::: SUPPLIED DATA :::

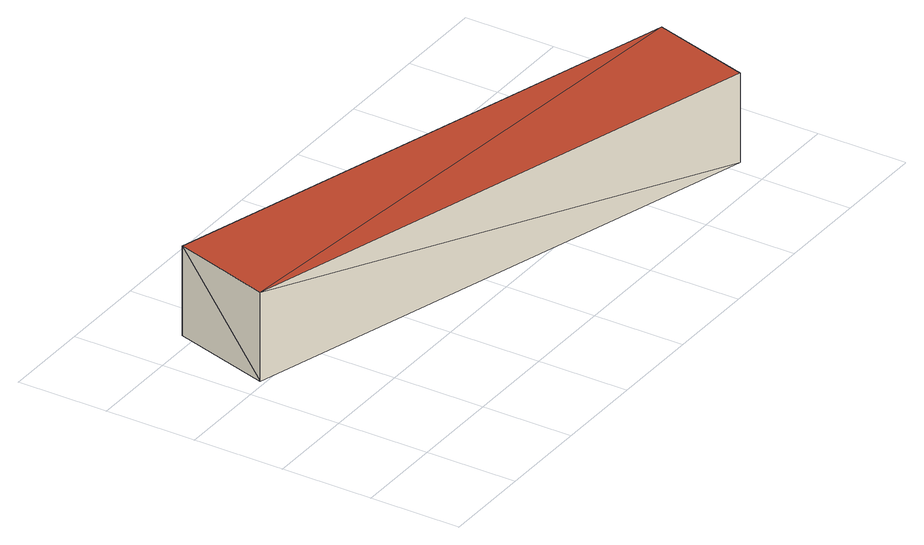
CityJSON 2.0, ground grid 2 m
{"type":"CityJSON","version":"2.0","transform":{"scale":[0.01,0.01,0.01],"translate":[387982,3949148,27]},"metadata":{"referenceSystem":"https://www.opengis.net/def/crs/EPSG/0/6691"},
"CityObjects":{
"bridge1":{"type":"Bridge","geometry":[{"type":"Solid","lod":"2","boundaries":[[[[0,1,2]],[[3,1,0]],[[4,5,6]],[[5,7,6]],[[2,4,0]],[[0,4,6]],[[2,1,4]],[[1,5,4]],[[0,6,3]],[[3,6,7]],[[3,7,5]],[[1,3,5]]]],"semantics":{"surfaces":[{"type":"RoofSurface"},{"type":"GroundSurface"},{"type":"WallSurface"}],"values":[[0,0,1,1,2,2,2,2,2,2,2,2]]}}]}
},
"vertices":[
[1294,287,249],[52,410,248],[1230,68,249],[116,629,248],[1230,68,49],[52,410,48],[1294,287,49],[116,629,48]
]}

:::

### EXERCISE DETAILS:
Write every entry out again exactly, dropping the pictures.

### REPLY TO THE EXERCISE:
CityJSON 2.0, ground grid 2 m
{"type":"CityJSON","version":"2.0","transform":{"scale":[0.01,0.01,0.01],"translate":[387982,3949148,27]},"metadata":{"referenceSystem":"https://www.opengis.net/def/crs/EPSG/0/6691"},
"CityObjects":{
"bridge1":{"type":"Bridge","geometry":[{"type":"Solid","lod":"2","boundaries":[[[[0,1,2]],[[3,1,0]],[[4,5,6]],[[5,7,6]],[[2,4,0]],[[0,4,6]],[[2,1,4]],[[1,5,4]],[[0,6,3]],[[3,6,7]],[[3,7,5]],[[1,3,5]]]],"semantics":{"surfaces":[{"type":"RoofSurface"},{"type":"GroundSurface"},{"type":"WallSurface"}],"values":[[0,0,1,1,2,2,2,2,2,2,2,2]]}}]}
},
"vertices":[
[1294,287,249],[52,410,248],[1230,68,249],[116,629,248],[1230,68,49],[52,410,48],[1294,287,49],[116,629,48]
]}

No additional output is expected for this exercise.